→ **HOW TO COMPLETE THIS TASK**
Give the data below again exactly as it stands. Omit the pictures.
DATASET START
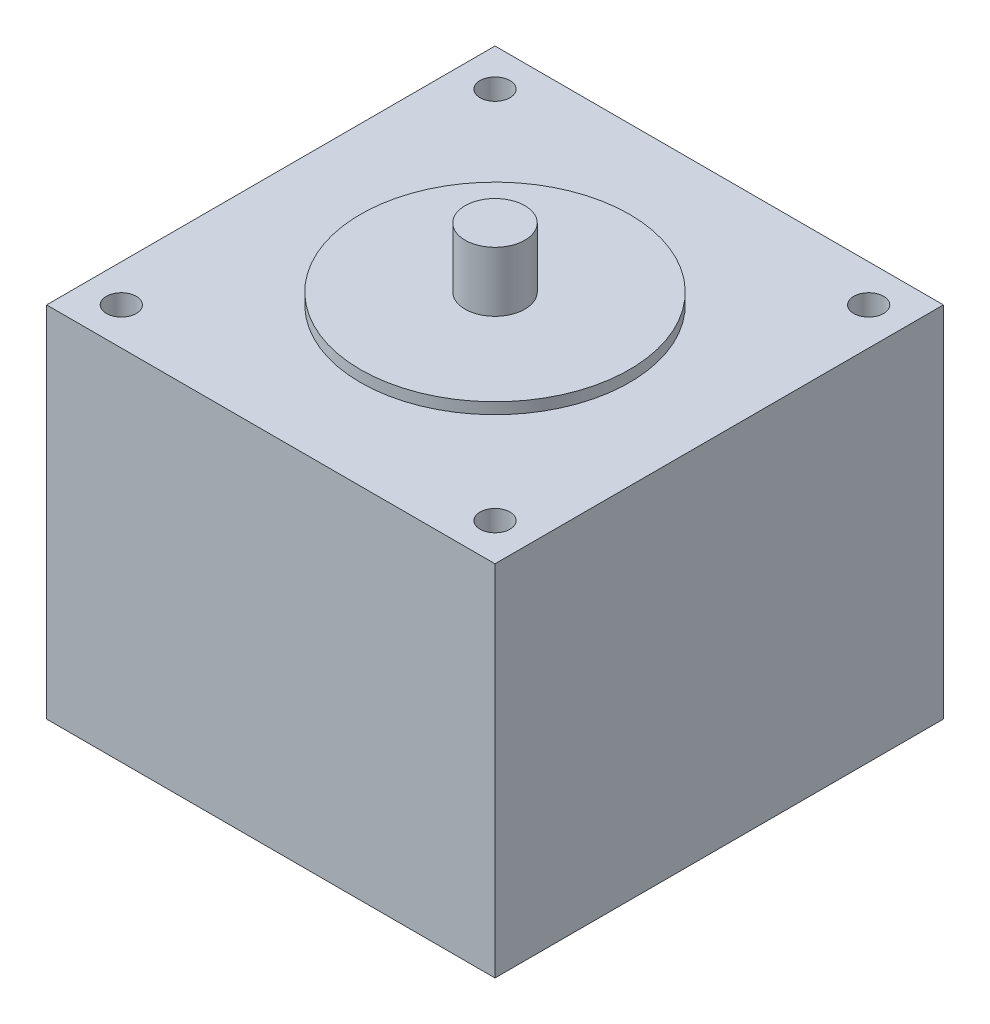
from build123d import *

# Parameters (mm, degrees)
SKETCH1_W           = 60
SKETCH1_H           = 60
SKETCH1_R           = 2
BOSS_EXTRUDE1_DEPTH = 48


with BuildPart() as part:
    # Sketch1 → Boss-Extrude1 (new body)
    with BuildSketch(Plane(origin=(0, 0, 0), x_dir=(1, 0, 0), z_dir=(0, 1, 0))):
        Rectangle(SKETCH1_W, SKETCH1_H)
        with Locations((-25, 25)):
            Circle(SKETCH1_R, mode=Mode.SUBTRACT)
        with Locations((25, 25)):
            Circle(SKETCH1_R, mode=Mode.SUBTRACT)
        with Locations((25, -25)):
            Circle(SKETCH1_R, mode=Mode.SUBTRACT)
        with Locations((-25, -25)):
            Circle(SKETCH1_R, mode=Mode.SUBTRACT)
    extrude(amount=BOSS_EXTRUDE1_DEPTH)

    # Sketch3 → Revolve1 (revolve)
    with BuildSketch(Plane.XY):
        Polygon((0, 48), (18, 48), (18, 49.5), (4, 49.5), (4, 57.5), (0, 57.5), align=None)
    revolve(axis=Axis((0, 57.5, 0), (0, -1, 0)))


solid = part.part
DATASET END
→ **COMPLETED TASK**
from build123d import *

# Parameters (mm, degrees)
SKETCH1_W           = 60
SKETCH1_H           = 60
SKETCH1_R           = 2
BOSS_EXTRUDE1_DEPTH = 48


with BuildPart() as part:
    # Sketch1 → Boss-Extrude1 (new body)
    with BuildSketch(Plane(origin=(0, 0, 0), x_dir=(1, 0, 0), z_dir=(0, 1, 0))):
        Rectangle(SKETCH1_W, SKETCH1_H)
        with Locations((-25, 25)):
            Circle(SKETCH1_R, mode=Mode.SUBTRACT)
        with Locations((25, 25)):
            Circle(SKETCH1_R, mode=Mode.SUBTRACT)
        with Locations((25, -25)):
            Circle(SKETCH1_R, mode=Mode.SUBTRACT)
        with Locations((-25, -25)):
            Circle(SKETCH1_R, mode=Mode.SUBTRACT)
    extrude(amount=BOSS_EXTRUDE1_DEPTH)

    # Sketch3 → Revolve1 (revolve)
    with BuildSketch(Plane.XY):
        Polygon((0, 48), (18, 48), (18, 49.5), (4, 49.5), (4, 57.5), (0, 57.5), align=None)
    revolve(axis=Axis((0, 57.5, 0), (0, -1, 0)))


solid = part.part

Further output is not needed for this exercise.